The experimental setup uses the standard ITC2007 CB‑CTT benchmark instances. The authors adopt default HS parameters (Harmony Memory Size, Harmony Memory Consideration Rate, Pitch Adjustment Rate) without systematic tuning. For each instance they perform 30 independent runs and report the average objective value, which combines the number of hard‑constraint violations and weighted soft‑constraint penalties. The results show that the HS‑based approach consistently yields solutions that are worse than the best known solutions in the literature, with an average gap of 5–10 % on the benchmark set. The main sources of degradation are identified as excessive conflicts introduced by the frequency‑based memory selection and the aggressive pitch‑adjustment probability, which together limit the algorithm’s ability to escape local minima.

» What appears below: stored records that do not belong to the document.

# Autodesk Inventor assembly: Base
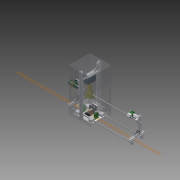
[picture p0: Inventor's stored thumbnail of the model, 180x180]
Saved by Autodesk Inventor 2015 SP1 (Build 190203100, 203)
## iProperties
Created: 2015-02-24
Part Number: Base
Document SubType Name: Assembly
Designer: Andrew
Author: Andrew
## Documents named in this file (31)
- C:\Users\Andrew\Documents\model\Base.iam
- C:\Users\Andrew\Documents\model\Linear Bearing Platform Small.ipt
- C:\Users\Andrew\Documents\model\Base Plate.ipt
- C:\Users\Andrew\Documents\model\NEMA 17 Stepper.ipt
- C:\Users\Andrew\Documents\model\GT2 Pulley.ipt
- C:\Users\Andrew\Documents\model\Stepper Motor Mount.ipt
- C:\Users\Andrew\Documents\model\MainRod.ipt
- C:\Users\Andrew\Documents\model\Linear Rail Shaft Guide.ipt
- C:\Users\Andrew\Documents\model\Belt Tensioner Assy.iam
- C:\Users\Andrew\Documents\model\X-Ray Tube.ipt
- C:\Users\Andrew\Documents\model\Spur Gear.ipt
- C:\Users\Andrew\Documents\model\Worm Gear.ipt
- C:\Users\Andrew\Documents\model\20x20 Slotted Extrusion Arm.ipt
- C:\Users\Andrew\Documents\model\20x20 Slotted Extrusion Tower.ipt
- C:\Users\Andrew\Documents\model\Corner Brace.ipt
- C:\Users\Andrew\Documents\model\Worm Gear Box.ipt
- C:\Users\Andrew\Documents\model\Bearing.ipt
- C:\Users\Andrew\Documents\model\20x20 Slotted Extrusion Stationary Arm.ipt
- C:\Users\Andrew\Documents\model\Clamp Rod.ipt
- C:\Users\Andrew\Documents\model\Rotational Rod.ipt
- C:\Users\Andrew\Documents\model\20x20 Slotted Extrusion Base.ipt
- C:\Users\Andrew\Documents\model\20x20 Slotted Extrusion Source Bracket.ipt
- C:\Users\Andrew\Documents\model\Lead Box Cover.ipt
- C:\Users\Andrew\Documents\model\Lead Box.ipt
- C:\Users\Andrew\Documents\model\Exposure.ipt
- C:\Users\Andrew\Documents\model\Cover.ipt
- C:\Users\Andrew\Documents\model\Tensioning Bracket.ipt
- C:\Users\Andrew\Documents\model\Linear Bearing Platform Adapter Back.ipt
- C:\Users\Andrew\Documents\model\Linear Bearing Platform Adapter.ipt
- C:\Users\Andrew\Documents\model\Part8.ipt
- C:\Users\Andrew\Documents\model\GT2 Belt Cut.ipt
## Components (54 placed, 30 different names)
1. Linear Bearing Platform Small:1 — Flush:5, Mate:7, Flush:9, Flush:11, Flush:12
2. Linear Bearing Platform Small:2 — Flush:4, Flush:5, Flush:6, Mate:6, Angle:2, Flush:8, Flush:10
3. Linear Bearing Platform Small:3 — Flush:4, Mate:8, Flush:8
4. Linear Bearing Platform Small:4 — Flush:6, Mate:1, Mate:9, Angle:3, Flush:9, Flush:13
5. Base Plate:1 — Flush:1, Flush:2, Flush:3, Mate:1, Mate:5, Angle:2, Angle:3, Flush:10, Flush:11, Flush:12, Flush:13, Angle:4, Flush:26, Flush:27, Mate:24, Flush:30, Mate:104, Mate:105, Flush:40, Flush:42, Mate:123, Flush:43, Mate:127
6. NEMA 17 Stepper:1 — Mate:4, Flush:7, Angle:1, Mate:14, Mate:15
7. GT2 Pulley:1 — Mate:4, Flush:7, Mate:22, Mate:112
8. Stepper Motor Mount:1 — Angle:1, Mate:5, Angle:4, Mate:14, Mate:15, Flush:30, Flush:50
9. MainRod:1 — Mate:6, Mate:7, Mate:10, Flush:16, Mate:12, Flush:24
10. MainRod:2 — Mate:8, Mate:9, Mate:11, Flush:16, Mate:13, Flush:23
11. Linear Rail Shaft Guide:1 — Mate:10, Flush:14, Flush:15, Flush:24
12. Linear Rail Shaft Guide:2 — Mate:11, Flush:14, Flush:15, Flush:31, Mate:47, Mate:48
13. Linear Rail Shaft Guide:3 — Mate:12
14. Linear Rail Shaft Guide:4 — Mate:13, Flush:23, Flush:32, Mate:49, Mate:50
15. Belt Tensioner Assy:1 [sub-assembly] — Flush:25, Mate:23, Symmetry:1, Mate:124, Mate:126
16. Belt Tensioner Assy:2 [sub-assembly] — Flush:25, Symmetry:1, Mate:125, Mate:129
17. Base Plate:2 — Flush:26, Flush:27, Mate:24
18. X-Ray Tube:1 — Mate:113, Mate:114, Mate:115, Mate:121, Mate:122
19. Spur Gear:1 — Tangent:1, Mate:44, Mate:46, Angle:5, Mate:87, Mate:99
20. Stepper Motor Mount:2 — Mate:40, Mate:41, Mate:42, Angle:5, Mate:53, Mate:54, Mate:55, Mate:79
21. Worm Gear:1 — Mate:27, Mate:28, Tangent:1, Mate:44, Mate:46, Mate:80
22. NEMA 17 Stepper:2 — Mate:27, Mate:28, Mate:40, Mate:41, Mate:42, Mate:81
23. 20x20 Slotted Extrusion Arm:1 — Flush:31, Mate:47, Mate:48, Mate:52, Flush:34, Mate:66, Mate:68, Mate:70, Mate:72, Mate:100, Mate:138, Angle:8, Mate:140
24. 20x20 Slotted Extrusion Tower:1 — Mate:52, Flush:34, Mate:53, Mate:54, Mate:55, Mate:65, Mate:67, Mate:69, Mate:71
25. 20x20 Slotted Extrusion Arm:2 — Flush:32, Mate:49, Mate:50, Mate:51, Flush:33, Mate:57, Mate:58, Mate:63, Mate:64
26. 20x20 Slotted Extrusion Tower:2 — Mate:51, Flush:33, Mate:59, Mate:60, Mate:61, Mate:62, Angle:7, Mate:88, Mate:89, Mate:90, Flush:35, Flush:36, Mate:92, Mate:95
27. Corner Brace:1 — Mate:69, Mate:70, Mate:71, Mate:72
28. Corner Brace:2 — Mate:65, Mate:66, Mate:67, Mate:68
29. Corner Brace:3 — Mate:57, Mate:58, Mate:59, Mate:60
30. Corner Brace:4 — Mate:61, Mate:62, Mate:63, Mate:64
31. Linear Bearing Platform Small:5 — Mate:86, Angle:6, Mate:87, Mate:91, Mate:93, Mate:130, Mate:131, Mate:132
32. Linear Rail Shaft Guide:5 — Mate:86, Angle:6, Angle:7, Mate:88, Mate:89, Mate:90, Flush:35, Mate:91
33. Worm Gear Box:1 — Mate:79, Mate:80, Mate:81, Mate:82, Mate:84, Flush:37
34. Bearing:1 — Mate:82
35. Bearing:2 — Mate:84
36. 20x20 Slotted Extrusion Stationary Arm:1 — Flush:36, Mate:92, Mate:93, Mate:94, Mate:96, Mate:97, Mate:133
37. Corner Brace:5 — Mate:94, Mate:95, Mate:96, Mate:97
38. Clamp Rod:1 — Mate:98
39. Rotational Rod:1 — Mate:98, Mate:99, Flush:37, Mate:100, Mate:112
40. 20x20 Slotted Extrusion Base:1 — Mate:104, Symmetry:2, Flush:39, Mate:106, Flush:40, Mate:135, Mate:137
41. 20x20 Slotted Extrusion Base:2 — Mate:105, Symmetry:2, Flush:39, Mate:106, Mate:107, Flush:41, Mate:134
42. 20x20 Slotted Extrusion Source Bracket:1 — Mate:107, Flush:41, Mate:119, Mate:120, Mate:136
43. Lead Box Cover:1 — Mate:116, Mate:117, Mate:118
44. Lead Box:1 — Mate:113, Mate:114, Mate:115, Mate:116, Mate:117, Mate:118, Mate:119, Mate:120
45. Exposure:1 — Mate:121, Mate:122
46. Cover:1 — Flush:42, Mate:123, Flush:43
47. Tensioning Bracket:1 — Flush:44, Flush:45, Mate:125, Mate:126, Mate:128, Mate:129
48. Tensioning Bracket:2 — Flush:44, Flush:45, Mate:124, Mate:127, Mate:128
49. Linear Bearing Platform Adapter Back:1 — Flush:46, Flush:47, Mate:133
50. Linear Bearing Platform Adapter:1 — Flush:46, Flush:47, Mate:130, Mate:131, Mate:132
51. Corner Brace:6 — Mate:135, Flush:48, Flush:49, Mate:136, Mate:137
52. Corner Brace:7 — Mate:134, Flush:48, Flush:49
53. Part8:1 — Flush:50
54. GT2 Belt Cut:1 — Mate:138, Angle:8, Mate:140
## Relationships (154: Mate 100, Flush 43, Angle 8, Symmetry 2, Tangent 1)
- Flush:1: Base Plate:1
- Flush:2: Base Plate:1
- Flush:3: Base Plate:1
- Flush:4: Linear Bearing Platform Small:2 ↔ Linear Bearing Platform Small:3
- Flush:5: Linear Bearing Platform Small:1 ↔ Linear Bearing Platform Small:2
- Flush:6: Linear Bearing Platform Small:2 ↔ Linear Bearing Platform Small:4
- Mate:1: Linear Bearing Platform Small:4 ↔ Base Plate:1
- Mate:4: NEMA 17 Stepper:1 ↔ GT2 Pulley:1
- Flush:7: NEMA 17 Stepper:1 ↔ GT2 Pulley:1
- Angle:1 (0 deg): NEMA 17 Stepper:1 ↔ Stepper Motor Mount:1
- Mate:5 (10 mm): Base Plate:1 ↔ Stepper Motor Mount:1
- Mate:6: Linear Bearing Platform Small:2 ↔ MainRod:1
- Mate:7: Linear Bearing Platform Small:1 ↔ MainRod:1
- Mate:8: Linear Bearing Platform Small:3 ↔ MainRod:2
- Mate:9: Linear Bearing Platform Small:4 ↔ MainRod:2
- Mate:10: MainRod:1 ↔ Linear Rail Shaft Guide:1
- Mate:11: MainRod:2 ↔ Linear Rail Shaft Guide:2
- Angle:2 (0 deg): Linear Bearing Platform Small:2 ↔ Base Plate:1
- Angle:3 (0 deg): Linear Bearing Platform Small:4 ↔ Base Plate:1
- Flush:8: Linear Bearing Platform Small:2 ↔ Linear Bearing Platform Small:3
- Flush:9: Linear Bearing Platform Small:1 ↔ Linear Bearing Platform Small:4
- Flush:10 (5 mm): Linear Bearing Platform Small:2 ↔ Base Plate:1
- Flush:11 (5 mm): Linear Bearing Platform Small:1 ↔ Base Plate:1
- Flush:12 (5 mm): Linear Bearing Platform Small:1 ↔ Base Plate:1
- Flush:13 (5 mm): Linear Bearing Platform Small:4 ↔ Base Plate:1
- Flush:14: Linear Rail Shaft Guide:1 ↔ Linear Rail Shaft Guide:2
- Flush:15: Linear Rail Shaft Guide:1 ↔ Linear Rail Shaft Guide:2
- Flush:16: MainRod:1 ↔ MainRod:2
- Angle:4 (180 deg): Base Plate:1 ↔ Stepper Motor Mount:1
- [Flush]: Linear Rail Shaft Guide:3 ↔ Linear Rail Shaft Guide:4
- [Flush]: Linear Rail Shaft Guide:3 ↔ Linear Rail Shaft Guide:4
- Mate:12: MainRod:1 ↔ Linear Rail Shaft Guide:3
- Mate:13: MainRod:2 ↔ Linear Rail Shaft Guide:4
- Mate:14: NEMA 17 Stepper:1 ↔ Stepper Motor Mount:1
- Mate:15: NEMA 17 Stepper:1 ↔ Stepper Motor Mount:1
- Flush:23 (5 mm): MainRod:2 ↔ Linear Rail Shaft Guide:4
- Flush:24 (5 mm): MainRod:1 ↔ Linear Rail Shaft Guide:1
- Mate:22: GT2 Pulley:1
- Flush:25: Belt Tensioner Assy:1 ↔ Belt Tensioner Assy:2
- Mate:23: Belt Tensioner Assy:1
- Flush:26: Base Plate:1 ↔ Base Plate:2
- Flush:27: Base Plate:1 ↔ Base Plate:2
- Mate:24 (65 mm): Base Plate:1 ↔ Base Plate:2
- Mate:27: Worm Gear:1 ↔ NEMA 17 Stepper:2
- Mate:28 (3 mm): Worm Gear:1 ↔ NEMA 17 Stepper:2
- Flush:30: Base Plate:1 ↔ Stepper Motor Mount:1
- Mate:40: Stepper Motor Mount:2 ↔ NEMA 17 Stepper:2
- Mate:41: Stepper Motor Mount:2 ↔ NEMA 17 Stepper:2
- Mate:42: Stepper Motor Mount:2 ↔ NEMA 17 Stepper:2
- Tangent:1: Spur Gear:1 ↔ Worm Gear:1
- Mate:44: Spur Gear:1 ↔ Worm Gear:1
- Mate:46: Spur Gear:1 ↔ Worm Gear:1
- Angle:5 (0 deg): Spur Gear:1 ↔ Stepper Motor Mount:2
- Flush:31: Linear Rail Shaft Guide:2 ↔ 20x20 Slotted Extrusion Arm:1
- Mate:47: Linear Rail Shaft Guide:2 ↔ 20x20 Slotted Extrusion Arm:1
- Mate:48: Linear Rail Shaft Guide:2 ↔ 20x20 Slotted Extrusion Arm:1
- Flush:32: Linear Rail Shaft Guide:4 ↔ 20x20 Slotted Extrusion Arm:2
- Mate:49: Linear Rail Shaft Guide:4 ↔ 20x20 Slotted Extrusion Arm:2
- Mate:50: Linear Rail Shaft Guide:4 ↔ 20x20 Slotted Extrusion Arm:2
- Mate:51: 20x20 Slotted Extrusion Arm:2 ↔ 20x20 Slotted Extrusion Tower:2
- Flush:33: 20x20 Slotted Extrusion Arm:2 ↔ 20x20 Slotted Extrusion Tower:2
- Mate:52: 20x20 Slotted Extrusion Arm:1 ↔ 20x20 Slotted Extrusion Tower:1
- Flush:34: 20x20 Slotted Extrusion Arm:1 ↔ 20x20 Slotted Extrusion Tower:1
- Mate:53: Stepper Motor Mount:2 ↔ 20x20 Slotted Extrusion Tower:1
- Mate:54: Stepper Motor Mount:2 ↔ 20x20 Slotted Extrusion Tower:1
- Mate:55: Stepper Motor Mount:2 ↔ 20x20 Slotted Extrusion Tower:1
- Mate:57: 20x20 Slotted Extrusion Arm:2 ↔ Corner Brace:3
- Mate:58: 20x20 Slotted Extrusion Arm:2 ↔ Corner Brace:3
- Mate:59: 20x20 Slotted Extrusion Tower:2 ↔ Corner Brace:3
- Mate:60: 20x20 Slotted Extrusion Tower:2 ↔ Corner Brace:3
- Mate:61: 20x20 Slotted Extrusion Tower:2 ↔ Corner Brace:4
- Mate:62: 20x20 Slotted Extrusion Tower:2 ↔ Corner Brace:4
- Mate:63: 20x20 Slotted Extrusion Arm:2 ↔ Corner Brace:4
- Mate:64: 20x20 Slotted Extrusion Arm:2 ↔ Corner Brace:4
- Mate:65: 20x20 Slotted Extrusion Tower:1 ↔ Corner Brace:2
- Mate:66: 20x20 Slotted Extrusion Arm:1 ↔ Corner Brace:2
- Mate:67: 20x20 Slotted Extrusion Tower:1 ↔ Corner Brace:2
- Mate:68: 20x20 Slotted Extrusion Arm:1 ↔ Corner Brace:2
- Mate:69: 20x20 Slotted Extrusion Tower:1 ↔ Corner Brace:1
- Mate:70: 20x20 Slotted Extrusion Arm:1 ↔ Corner Brace:1
- Mate:71: 20x20 Slotted Extrusion Tower:1 ↔ Corner Brace:1
- Mate:72: 20x20 Slotted Extrusion Arm:1 ↔ Corner Brace:1
- Mate:79: Stepper Motor Mount:2 ↔ Worm Gear Box:1
- Mate:80: Worm Gear:1 ↔ Worm Gear Box:1
- Mate:81: NEMA 17 Stepper:2 ↔ Worm Gear Box:1
- Mate:82: Worm Gear Box:1 ↔ Bearing:1
- Mate:84: Worm Gear Box:1 ↔ Bearing:2
- Mate:86: Linear Bearing Platform Small:5 ↔ Linear Rail Shaft Guide:5
- Angle:6 (0 deg): Linear Bearing Platform Small:5 ↔ Linear Rail Shaft Guide:5
- Angle:7 (0 deg): 20x20 Slotted Extrusion Tower:2 ↔ Linear Rail Shaft Guide:5
- Mate:87: Spur Gear:1 ↔ Linear Bearing Platform Small:5
- Mate:88: 20x20 Slotted Extrusion Tower:2 ↔ Linear Rail Shaft Guide:5
- Mate:89: 20x20 Slotted Extrusion Tower:2 ↔ Linear Rail Shaft Guide:5
- Mate:90: 20x20 Slotted Extrusion Tower:2 ↔ Linear Rail Shaft Guide:5
- Flush:35 (-5 mm): 20x20 Slotted Extrusion Tower:2 ↔ Linear Rail Shaft Guide:5
- Mate:91 (50 mm): Linear Bearing Platform Small:5 ↔ Linear Rail Shaft Guide:5
- Flush:36: 20x20 Slotted Extrusion Tower:2 ↔ 20x20 Slotted Extrusion Stationary Arm:1
- Mate:92: 20x20 Slotted Extrusion Tower:2 ↔ 20x20 Slotted Extrusion Stationary Arm:1
- Mate:93: Linear Bearing Platform Small:5 ↔ 20x20 Slotted Extrusion Stationary Arm:1
- Mate:94: 20x20 Slotted Extrusion Stationary Arm:1 ↔ Corner Brace:5
- Mate:95: 20x20 Slotted Extrusion Tower:2 ↔ Corner Brace:5
- Mate:96: 20x20 Slotted Extrusion Stationary Arm:1 ↔ Corner Brace:5
- Mate:97: 20x20 Slotted Extrusion Stationary Arm:1 ↔ Corner Brace:5
- Mate:98: Clamp Rod:1 ↔ Rotational Rod:1
- Mate:99: Spur Gear:1 ↔ Rotational Rod:1
- Flush:37 (-5 mm): Worm Gear Box:1 ↔ Rotational Rod:1
- Mate:100: 20x20 Slotted Extrusion Arm:1 ↔ Rotational Rod:1
- Symmetry:1: Belt Tensioner Assy:1 ↔ Belt Tensioner Assy:2
- Mate:104: Base Plate:1 ↔ 20x20 Slotted Extrusion Base:1
- Mate:105: Base Plate:1 ↔ 20x20 Slotted Extrusion Base:2
- Symmetry:2: 20x20 Slotted Extrusion Base:1 ↔ 20x20 Slotted Extrusion Base:2
- Flush:39: 20x20 Slotted Extrusion Base:1 ↔ 20x20 Slotted Extrusion Base:2
- Mate:106 (150 mm): 20x20 Slotted Extrusion Base:1 ↔ 20x20 Slotted Extrusion Base:2
- Flush:40: Base Plate:1 ↔ 20x20 Slotted Extrusion Base:1
- Mate:107: 20x20 Slotted Extrusion Base:2 ↔ 20x20 Slotted Extrusion Source Bracket:1
- Flush:41: 20x20 Slotted Extrusion Base:2 ↔ 20x20 Slotted Extrusion Source Bracket:1
- Mate:112: GT2 Pulley:1 ↔ Rotational Rod:1
- Mate:113: X-Ray Tube:1 ↔ Lead Box:1
- Mate:114: X-Ray Tube:1 ↔ Lead Box:1
- Mate:115: X-Ray Tube:1 ↔ Lead Box:1
- Mate:116: Lead Box Cover:1 ↔ Lead Box:1
- Mate:117: Lead Box Cover:1 ↔ Lead Box:1
- Mate:118: Lead Box Cover:1 ↔ Lead Box:1
- Mate:119: 20x20 Slotted Extrusion Source Bracket:1 ↔ Lead Box:1
- Mate:120: 20x20 Slotted Extrusion Source Bracket:1 ↔ Lead Box:1
- Mate:121: X-Ray Tube:1 ↔ Exposure:1
- Mate:122: X-Ray Tube:1 ↔ Exposure:1
- Flush:42: Base Plate:1 ↔ Cover:1
- Mate:123: Base Plate:1 ↔ Cover:1
- Flush:43: Base Plate:1 ↔ Cover:1
- Flush:44: Tensioning Bracket:1 ↔ Tensioning Bracket:2
- Flush:45: Tensioning Bracket:1 ↔ Tensioning Bracket:2
- Mate:124: Belt Tensioner Assy:1 ↔ Tensioning Bracket:2
- Mate:125: Belt Tensioner Assy:2 ↔ Tensioning Bracket:1
- Mate:126: Belt Tensioner Assy:1 ↔ Tensioning Bracket:1
- Mate:127: Base Plate:1 ↔ Tensioning Bracket:2
- Mate:128 (100 mm): Tensioning Bracket:1 ↔ Tensioning Bracket:2
- Mate:129 (25 mm): Belt Tensioner Assy:2 ↔ Tensioning Bracket:1
- Flush:46: Linear Bearing Platform Adapter Back:1 ↔ Linear Bearing Platform Adapter:1
- Flush:47: Linear Bearing Platform Adapter Back:1 ↔ Linear Bearing Platform Adapter:1
- Mate:130: Linear Bearing Platform Small:5 ↔ Linear Bearing Platform Adapter:1
- Mate:131: Linear Bearing Platform Small:5 ↔ Linear Bearing Platform Adapter:1
- Mate:132: Linear Bearing Platform Small:5 ↔ Linear Bearing Platform Adapter:1
- Mate:133: 20x20 Slotted Extrusion Stationary Arm:1 ↔ Linear Bearing Platform Adapter Back:1
- Mate:134: 20x20 Slotted Extrusion Base:2 ↔ Corner Brace:7
- Mate:135: 20x20 Slotted Extrusion Base:1 ↔ Corner Brace:6
- Flush:48: Corner Brace:6 ↔ Corner Brace:7
- Flush:49: Corner Brace:6 ↔ Corner Brace:7
- Mate:136: 20x20 Slotted Extrusion Source Bracket:1 ↔ Corner Brace:6
- Mate:137: 20x20 Slotted Extrusion Base:1 ↔ Corner Brace:6
- Flush:50 (17.5 mm): Stepper Motor Mount:1 ↔ Part8:1
- Mate:138: 20x20 Slotted Extrusion Arm:1 ↔ GT2 Belt Cut:1
- Angle:8 (0 deg): 20x20 Slotted Extrusion Arm:1 ↔ GT2 Belt Cut:1
- Mate:140: 20x20 Slotted Extrusion Arm:1 ↔ GT2 Belt Cut:1
## Named parameters: d31_d27 = 0 mm, d32_d28 = 0 mm

The authors acknowledge several limitations. First, the deterministic choice of the most frequent lecture in a column can bias the search toward heavily used patterns, increasing the likelihood of clashes and reducing exploration. Second, the lack of a concrete description of the eight pitch‑adjustment procedures hampers reproducibility and makes it difficult to assess the true impact of the local search component. Third, HS is known to be sensitive to its control parameters (HMCR, PAR, HM size), yet the paper does not employ any parameter‑optimization strategy. Finally, the handling of constraints is primarily preventive (i.e., a lecture is placed only if it is feasible), but there is no repair or penalty mechanism after pitch adjustment, which may introduce violations that are never corrected.
To address these shortcomings, the paper proposes several avenues for improvement: (1) augment memory consideration with a constraint‑aware weighting scheme so that the frequency of a lecture is combined with its feasibility score; (2) define the pitch‑adjustment operators explicitly and adopt an adaptive PAR that decreases during early iterations (to promote exploration) and increases later (to intensify exploitation); (3) apply automated parameter tuning techniques such as meta‑optimization with a genetic algorithm or Bayesian optimization to find suitable HMCR, PAR, and HM sizes for each instance; and (4) incorporate a multi‑objective framework or a repair‑based post‑processing step to handle soft‑constraint violations more effectively.
In conclusion, while the study represents one of the early attempts to bring Harmony Search to the CB‑CTT domain, the current implementation does not achieve competitive performance against state‑of‑the‑art methods that typically combine sophisticated local search, tabu mechanisms, and hybrid meta‑heuristics. Nevertheless, the analysis highlights key design choices—frequency‑based memory selection, aggressive pitch adjustment, and static parameter settings—that limit HS’s effectiveness. By refining these components and integrating adaptive, constraint‑aware strategies, future work could unlock the potential of Harmony Search as a viable alternative for solving large‑scale timetabling problems.